SUPPLIED RECORDS:
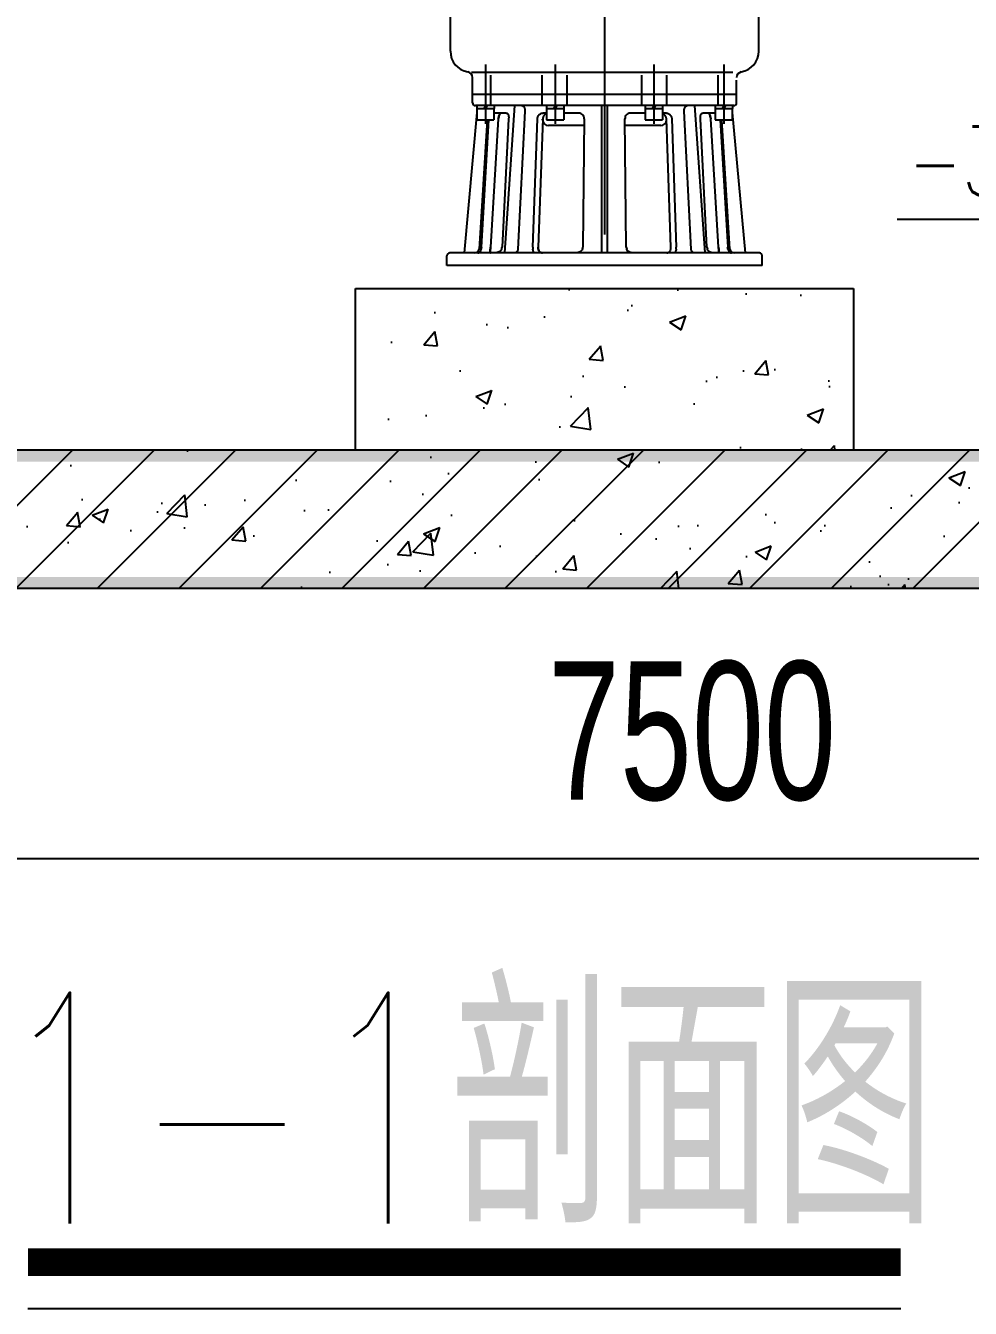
# Model space of a CAD drawing. Extents: x -316592 to 60787, y -138940 to -60306.
# Drawn here: x 1609 to 3657, y -91767 to -88987 of the extents above; entities that cross this region are included whole.
import ezdxf
from ezdxf.enums import TextEntityAlignment as Align

# ---------------------------------------------------------------- set-up
doc = ezdxf.new("R2010")
doc.units = 0
doc.header["$LTSCALE"] = 1000
doc.header["$MEASUREMENT"] = 0
doc.linetypes.add('CENTER', pattern=[2.9, 2.5, -0.2, 0, -0.2])
for name, color, linetype in [('---GPS_废水管_DN', 74, 'Continuous'), ('DIM_ELEV', 4, 'Continuous'), ('PUB_DIM', 7, 'Continuous'), ('PUB_HATCH', 246, 'Continuous'), ('PUB_TEXT', 7, 'Continuous'), ('PUB_WALL', 9, 'Continuous'), ('WALL', 8, 'Continuous'), ('WP_CENTER', 11, 'CENTER'), ('文字', 7, 'Continuous'), ('设备', 201, 'Continuous')]:
    doc.layers.add(name, color=color, linetype=linetype)
doc.styles.add('_TCH_DIM', font='simplex1.shx', dxfattribs={"bigfont": 'hztxt.shx'})
doc.styles.add('HZ', font='HZTXT_E.SHX', dxfattribs={"width": 0.7, "bigfont": 'HZTXT.SHX'})
doc.styles.get("Standard").update_dxf_attribs({"font": 'simplex1.shx', "width": 0.7, "bigfont": 'hztxt.shx'})
doc.dimstyles.new('LZGPS', dxfattribs={"dimscale": 100, "dimtxt": 3, "dimasz": 1, "dimexe": 1, "dimexo": 2, "dimgap": 1.25, "dimtad": 1, "dimdec": 0, "dimzin": 0, "dimdsep": 46, "dimtxsty": 'HZ', "dimblk": '$dimbk', "dimcen": 2, "dimclrd": 256, "dimclre": 256, "dimazin": 0, "dimtfac": 1, "dimtdec": 0, "dimtix": 1, "dimtmove": 2, "dimatfit": 3, "dimfxl": 0, "dimtolj": 1, "dimtzin": 0, "dimarcsym": 0})

# ---------------------------------------------------------------- blocks, each defined once
blk = doc.blocks.new('$dimbk')
blk.add_line((0, 0), (-1, 0))
blk.add_lwpolyline([(-0.636, -0.636, 0.45, 0.45, 0), (0.636, 0.636, 0.45, 0.45, 0)], format="xyseb")
blk = doc.blocks.new('*D53')
at = {"layer": 'Defpoints', "color": 0}
for p in [(-696.8, -89956.6), (6803.2, -89956.6), (6803.2, -90792)]:
    blk.add_point(p, dxfattribs=at)
at = {"layer": 'PUB_DIM', "lineweight": -2}
for p, q in [((-696.8, -90156.6), (-696.8, -90892)), ((6803.2, -90156.6), (6803.2, -90892)), ((-596.8, -90792), (6703.2, -90792))]:
    blk.add_line(p, q, dxfattribs=at)
at = {"layer": 'PUB_DIM', "lineweight": -2, "xscale": 100, "yscale": 100, "zscale": 100, "rotation": 180}
blk.add_blockref('$dimbk', (-696.8, -90792), dxfattribs=at)
at = {"layer": 'PUB_DIM', "lineweight": -2, "xscale": 100, "yscale": 100, "zscale": 100}
blk.add_blockref('$dimbk', (6803.2, -90792), dxfattribs=at)
at = {"layer": 'PUB_DIM', "color": 0, "insert": (3053.2, -90517), "char_height": 300, "attachment_point": 5, "style": 'HZ'}
blk.add_mtext('\\A1;7500', dxfattribs=at)

msp = doc.modelspace()

# ---------------------------------------------------------------- hatches: boundary and pattern name
at = {"layer": 'PUB_HATCH'}
h = msp.add_hatch(dxfattribs=at)
h.set_pattern_fill('AR-CONC', color=256, scale=50, style=0)
h.set_pattern_definition([(50, (17644.43, -28472.1), (358.6301, -31.376), [37.5, -412.5]), (355, (17644.43, -28472.1), (-69.3757, 376.096), [30, -330]), (100.4514, (17674.3, -28474.7), (289.2547, 344.7198), [31.87, -350.571]), (46.1842, (17644.43, -28372.1), (533.6205, -82.7595), [56.25, -618.75]), (96.6356, (17688.9, -28379), (467.3314, 487.059), [47.805, -525.8565]), (351.1842, (17644.4, -28372.1), (467.331, 487.0593), [45, -495]), (21, (17694.43, -28397.1), (298.4535, -201.3094), [37.5, -412.5]), (326, (17694.43, -28397.1), (121.6577, 362.575), [30, -330]), (71.4514, (17719.3, -28413.87), (420.1113, 161.2652), [31.87, -350.571]), (37.5, (17644.43, -28472.1), (6.07993, 166.44693), [0, -326, 0, -335, 0, -331.25]), (7.5, (17644.43, -28472.1), (131.53477, 197.20586), [0, -191, 0, -318.5, 0, -126.25]), (327.5, (17532.93, -28472.1), (266.91122, -11.27744), [0, -125, 0, -390, 0, -517.5]), (317.5, (17482.93, -28472.1), (291.5931, 50.0525), [0, -162.5, 0, -259, 0, -367.5])])
h.paths.add_polyline_path([(3403.7, -89557), (2323.7, -89557), (2323.7, -89907), (3403.7, -89907)])
h = msp.add_hatch(dxfattribs=at)
h.set_pattern_fill('钢筋混凝土', color=256, scale=50, style=0)
h.set_pattern_definition([(45, (-74754.78, -25657.92), (-88.38835, 88.38835), []), (50, (-74754.78, -25657.92), (358.6301, -31.3761), [37.5, -412.5]), (355, (-74754.78, -25657.92), (-69.3757, 376.0961), [30, -330]), (100.4514, (-74724.9, -25660.54), (289.2547, 344.7198), [31.8701, -350.571]), (46.1842, (-74754.78, -25557.92), (533.6205, -82.7595), [56.25, -618.75]), (96.6356, (-74710.3, -25564.8), (467.3314, 487.059), [47.8051, -525.8565]), (351.1842, (-74754.8, -25557.9), (467.331, 487.0593), [45, -495]), (21, (-74704.78, -25582.92), (298.4535, -201.30945), [37.5, -412.5]), (326, (-74704.78, -25582.92), (121.6577, 362.575), [30, -330]), (71.4514, (-74679.9, -25599.7), (420.1113, 161.2652), [31.8701, -350.571]), (37.5, (-74754.78, -25657.92), (6.07993, 166.44693), [0, -326, 0, -335, 0, -331.25]), (7.5, (-74754.78, -25657.92), (131.53477, 197.20586), [0, -191, 0, -318.5, 0, -126.25]), (327.5, (-74866.28, -25657.92), (266.91122, -11.27744), [0, -125, 0, -390, 0, -517.5]), (317.5, (-74916.28, -25657.92), (291.5931, 50.0525), [0, -162.5, 0, -259, 0, -367.5])])
h.paths.add_polyline_path([(7003.2, -90007), (6828.2, -89932), (6803.2, -89907), (-696.8, -89907), (-721.8, -89932), (-1271.8, -90182), (-1296.8, -90207), (6803.2, -90207), (6803.2, -90182)])
at = {"layer": 'PUB_WALL'}
for points in [[(6803.2, -89907), (-696.8, -89907), (-721.8, -89932), (6828.2, -89932)], [(6803.2, -90207), (-1296.8, -90207), (-1271.8, -90182), (6803.2, -90182)]]:
    msp.add_hatch(color=256, dxfattribs=at).paths.add_polyline_path(points)

# ---------------------------------------------------------------- linework, layer by layer
at = {"layer": '---GPS_废水管_DN'}
for p, q in [((2323.7, -89907), (2323.7, -89557)), ((2323.7, -89557), (3403.7, -89557)), ((3403.7, -89557), (3403.7, -89907))]:
    msp.add_line(p, q, dxfattribs=at)
at = {"layer": 'DIM_ELEV'}
msp.add_line((4319.6, -89407), (3498.1, -89407), dxfattribs=at)
at = {"layer": 'WALL'}
for p, q in [((6803.2, -89907), (-696.8, -89907)), ((6803.2, -90207), (-1296.8, -90207))]:
    msp.add_line(p, q, dxfattribs=at)
at = {"layer": 'WP_CENTER', "color": 246}
msp.add_line((2863.7, -84642.5), (2863.7, -89440), dxfattribs=at)
at = {"layer": '文字'}
msp.add_line((1613.7, -91767.3), (3505.8, -91767.3), dxfattribs=at)
at = {"layer": '文字', "const_width": 60}
msp.add_lwpolyline([(1613.7, -91667.3), (3505.8, -91667.3)], dxfattribs=at)
at = {"layer": '设备'}
for p, q in [((2529.4, -89042.3), (2529.4, -88835.3)), ((3198, -89042.3), (3198, -88835.3)), ((2605.4, -89071.4), (2605.4, -89200.1)), ((2756.7, -89071.4), (2756.7, -89200.1)), ((2970.7, -89071.4), (2970.7, -89200.1)), ((3122, -89071.4), (3122, -89200.1)), ((2575.4, -89088.3), (3141.9, -89088.3)), ((2577.4, -89154.2), (2577.4, -89099.8)), ((2617.4, -89160.4), (2617.4, -89094.5)), ((2728.8, -89160.4), (2728.8, -89094.5)), ((2783, -89160.4), (2783, -89094.5)), ((2944.4, -89160.4), (2944.4, -89094.5)), ((2998.7, -89160.4), (2998.7, -89094.5)), ((3110.1, -89160.4), (3110.1, -89094.5)), ((3150, -89154.2), (3150, -89105.1)), ((2577.4, -89135.5), (3150, -89135.5)), ((2586.7, -89175.1), (2559.2, -89479.7)), ((3143.8, -89160.4), (2583.6, -89160.4)), ((2586.6, -89160.4), (2586.6, -89166.6)), ((2586.6, -89166.6), (2624.1, -89166.6)), ((2586.7, -89166.6), (2586.7, -89191.4)), ((2605.4, -89160.4), (2601.8, -89166.6)), ((2609, -89160.4), (2605.4, -89166.6)), ((2624, -89166.6), (2624, -89191.4)), ((2650.7, -89176.5), (2624, -89176.5)), ((2624.1, -89160.4), (2624.1, -89166.6)), ((2668.6, -89160.4), (2646.6, -89479.7)), ((2690.8, -89172.2), (2675.9, -89471.6)), ((2738.1, -89176.5), (2729.7, -89176.5)), ((2737.9, -89160.4), (2737.9, -89166.6)), ((2737.9, -89166.6), (2775.5, -89166.6)), ((2738.1, -89166.6), (2738.1, -89191.4)), ((2756.7, -89160.4), (2753.1, -89166.6)), ((2760.3, -89160.4), (2756.7, -89166.6)), ((2775.3, -89166.6), (2775.3, -89191.4)), ((2807.8, -89176.5), (2775.4, -89176.5)), ((2775.5, -89160.4), (2775.5, -89166.6)), ((2857.5, -89479.7), (2857.5, -89160.4)), ((2869.9, -89479.7), (2869.9, -89160.4)), ((2952.1, -89176.5), (2919.6, -89176.5)), ((2951.9, -89160.4), (2951.9, -89166.6)), ((2951.9, -89166.6), (2989.5, -89166.6)), ((2952.1, -89166.6), (2952.1, -89191.4)), ((2970.7, -89160.4), (2967.1, -89166.6)), ((2974.3, -89160.4), (2970.7, -89166.6)), ((2989.3, -89166.6), (2989.3, -89191.4)), ((2997.7, -89176.5), (2989.4, -89176.5)), ((2989.5, -89160.4), (2989.5, -89166.6)), ((3051.5, -89471.6), (3036.6, -89172.2)), ((3058.9, -89160.4), (3080.8, -89479.7)), ((3103.4, -89176.5), (3076.8, -89176.5)), ((3103.3, -89160.4), (3103.3, -89166.6)), ((3103.3, -89166.6), (3140.8, -89166.6)), ((3103.4, -89166.6), (3103.4, -89191.4)), ((3122.1, -89160.4), (3118.5, -89166.6)), ((3125.6, -89160.4), (3122, -89166.6)), ((3140.7, -89166.6), (3140.7, -89191.4)), ((3140.7, -89175.1), (3168.2, -89479.7)), ((3140.8, -89160.4), (3140.8, -89166.6)), ((2586.7, -89191.4), (2624, -89191.4)), ((2609.2, -89191.4), (2592, -89471.6)), ((2596.8, -89467.2), (2613, -89191.4)), ((2633.4, -89189), (2616.8, -89467.2)), ((2655.6, -89189), (2641.7, -89467.2)), ((2708.3, -89467.2), (2718, -89189)), ((2729.6, -89189), (2719.9, -89467.2)), ((2729.5, -89191.4), (2729.5, -89189.8)), ((2738.1, -89191.4), (2775.3, -89191.4)), ((2817.1, -89203.9), (2741.9, -89203.9)), ((2819.6, -89189), (2816.7, -89467.2)), ((2819.1, -89203.9), (2817.1, -89203.9)), ((2910.8, -89467.2), (2907.8, -89189)), ((2985.5, -89203.9), (2908.3, -89203.9)), ((2952.1, -89191.4), (2989.3, -89191.4)), ((3007.5, -89467.2), (2997.8, -89189)), ((2997.9, -89191.4), (2997.9, -89189.8)), ((3009.5, -89189), (3019.1, -89467.2)), ((3085.7, -89467.2), (3071.9, -89189)), ((3110.6, -89467.2), (3094, -89189)), ((3103.4, -89191.4), (3140.7, -89191.4)), ((3114.4, -89191.4), (3130.6, -89467.2)), ((3135.5, -89471.6), (3118.2, -89191.4)), ((2522, -89507), (2522, -89485.9)), ((3199.3, -89479.7), (2528.2, -89479.7)), ((3205.5, -89507), (3205.5, -89485.9)), ((3205.5, -89507), (2522, -89507))]:
    msp.add_line(p, q, dxfattribs=at)
for centre, radius, start, end in [((2575.4, -89042.3), 46, 180, 259.7382), ((3152, -89042.3), 46, 280.2618, 0), ((2565, -89099.8), 12.4, 0, 79.7382), ((3162.4, -89099.8), 12.4, 100.2618, 180), ((2583.6, -89154.2), 6.21, 180, 270), ((3143.8, -89154.2), 6.21, 270, 0), ((2807.8, -89188.4), 11.8, 357.118, 89.6709), ((2919.7, -89188.4), 11.8, 90.3291, 182.882), ((2741.9, -89191.4), 12.4, 180, 270), ((2985.5, -89191.4), 12.4, 270, 0), ((2528.2, -89485.9), 6.21, 90, 180), ((2582.2, -89469.7), 9.94, 269.9941, 349.002), ((2664.5, -89480.3), 68.9, 169.1027, 172.7903), ((2619.3, -89463.6), 22.8, 339.5385, 350.961), ((2722.6, -89468.9), 14.4, 173.4086, 190.9367), ((2803.8, -89466.8), 12.8, 337.9382, 358.0137), ((2923.6, -89466.8), 12.8, 181.9863, 202.0618), ((2923.6, -89466.8), 12.8, 181.9863, 202.0618), ((3004.9, -89468.9), 14.4, 349.0633, 6.5914), ((3108.2, -89463.6), 22.8, 189.039, 200.4615), ((3062.9, -89480.3), 68.9, 7.2097, 10.8973), ((3145.2, -89469.7), 9.94, 190.998, 270.0059), ((3199.3, -89485.9), 6.21, 0, 90)]:
    msp.add_arc(centre, radius, start, end, dxfattribs=at)
for points, knots in [([(2638.3, -89176.5), (2638.3, -89176.5), (2638.3, -89176.5), (2638.1, -89176.5), (2637.9, -89176.6), (2637.5, -89177), (2637.3, -89177.2), (2636.8, -89177.8), (2636.6, -89178.2), (2636.2, -89179.1), (2636, -89179.7), (2635.6, -89180.8), (2635.3, -89181.4), (2634.9, -89182.7), (2634.7, -89183.5), (2634.3, -89185), (2634.1, -89185.8), (2633.7, -89187.4), (2633.6, -89188.2), (2633.4, -89189)], [14.943947, 14.943947, 14.943947, 14.943947, 15.047097, 15.047097, 16.921972, 16.921972, 18.796847, 18.796847, 20.671722, 20.671722, 22.546597, 22.546597, 24.452113, 24.452113, 26.35763, 26.35763, 28.263146, 28.263146, 30.168662, 30.168662, 30.168662, 30.168662]), ([(2633.4, -89189), (2633.6, -89188.2), (2633.7, -89187.4), (2634.1, -89185.8), (2634.3, -89185), (2634.7, -89183.5), (2634.9, -89182.7), (2635.3, -89181.4), (2635.6, -89180.8), (2636, -89179.7), (2636.2, -89179.1), (2636.6, -89178.2), (2636.8, -89177.8), (2637.3, -89177.2), (2637.5, -89177), (2637.9, -89176.6), (2638.1, -89176.5), (2638.3, -89176.5), (2638.3, -89176.5), (2638.3, -89176.5)], [30.721913, 30.721913, 30.721913, 30.721913, 32.627429, 32.627429, 34.532946, 34.532946, 36.438462, 36.438462, 38.343978, 38.343978, 40.218853, 40.218853, 42.093728, 42.093728, 43.968603, 43.968603, 45.843479, 45.843479, 45.946628, 45.946628, 45.946628, 45.946628]), ([(2650.7, -89176.5), (2650.7, -89176.5), (2650.7, -89176.5), (2651.2, -89176.5), (2651.6, -89176.6), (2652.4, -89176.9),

WHAT THE EXERCISE ASKS: Keep both end lines and retype everything in the records above from the line containing "-89907), (3403.7, -89907)])" through the line containing "h.set_pattern_fill('钢筋混凝土', color=256, scale=50, style=0)", exactly, with nothing else.

RESULT:
h.paths.add_polyline_path([(3403.7, -89557), (2323.7, -89557), (2323.7, -89907), (3403.7, -89907)])
h = msp.add_hatch(dxfattribs=at)
h.set_pattern_fill('钢筋混凝土', color=256, scale=50, style=0)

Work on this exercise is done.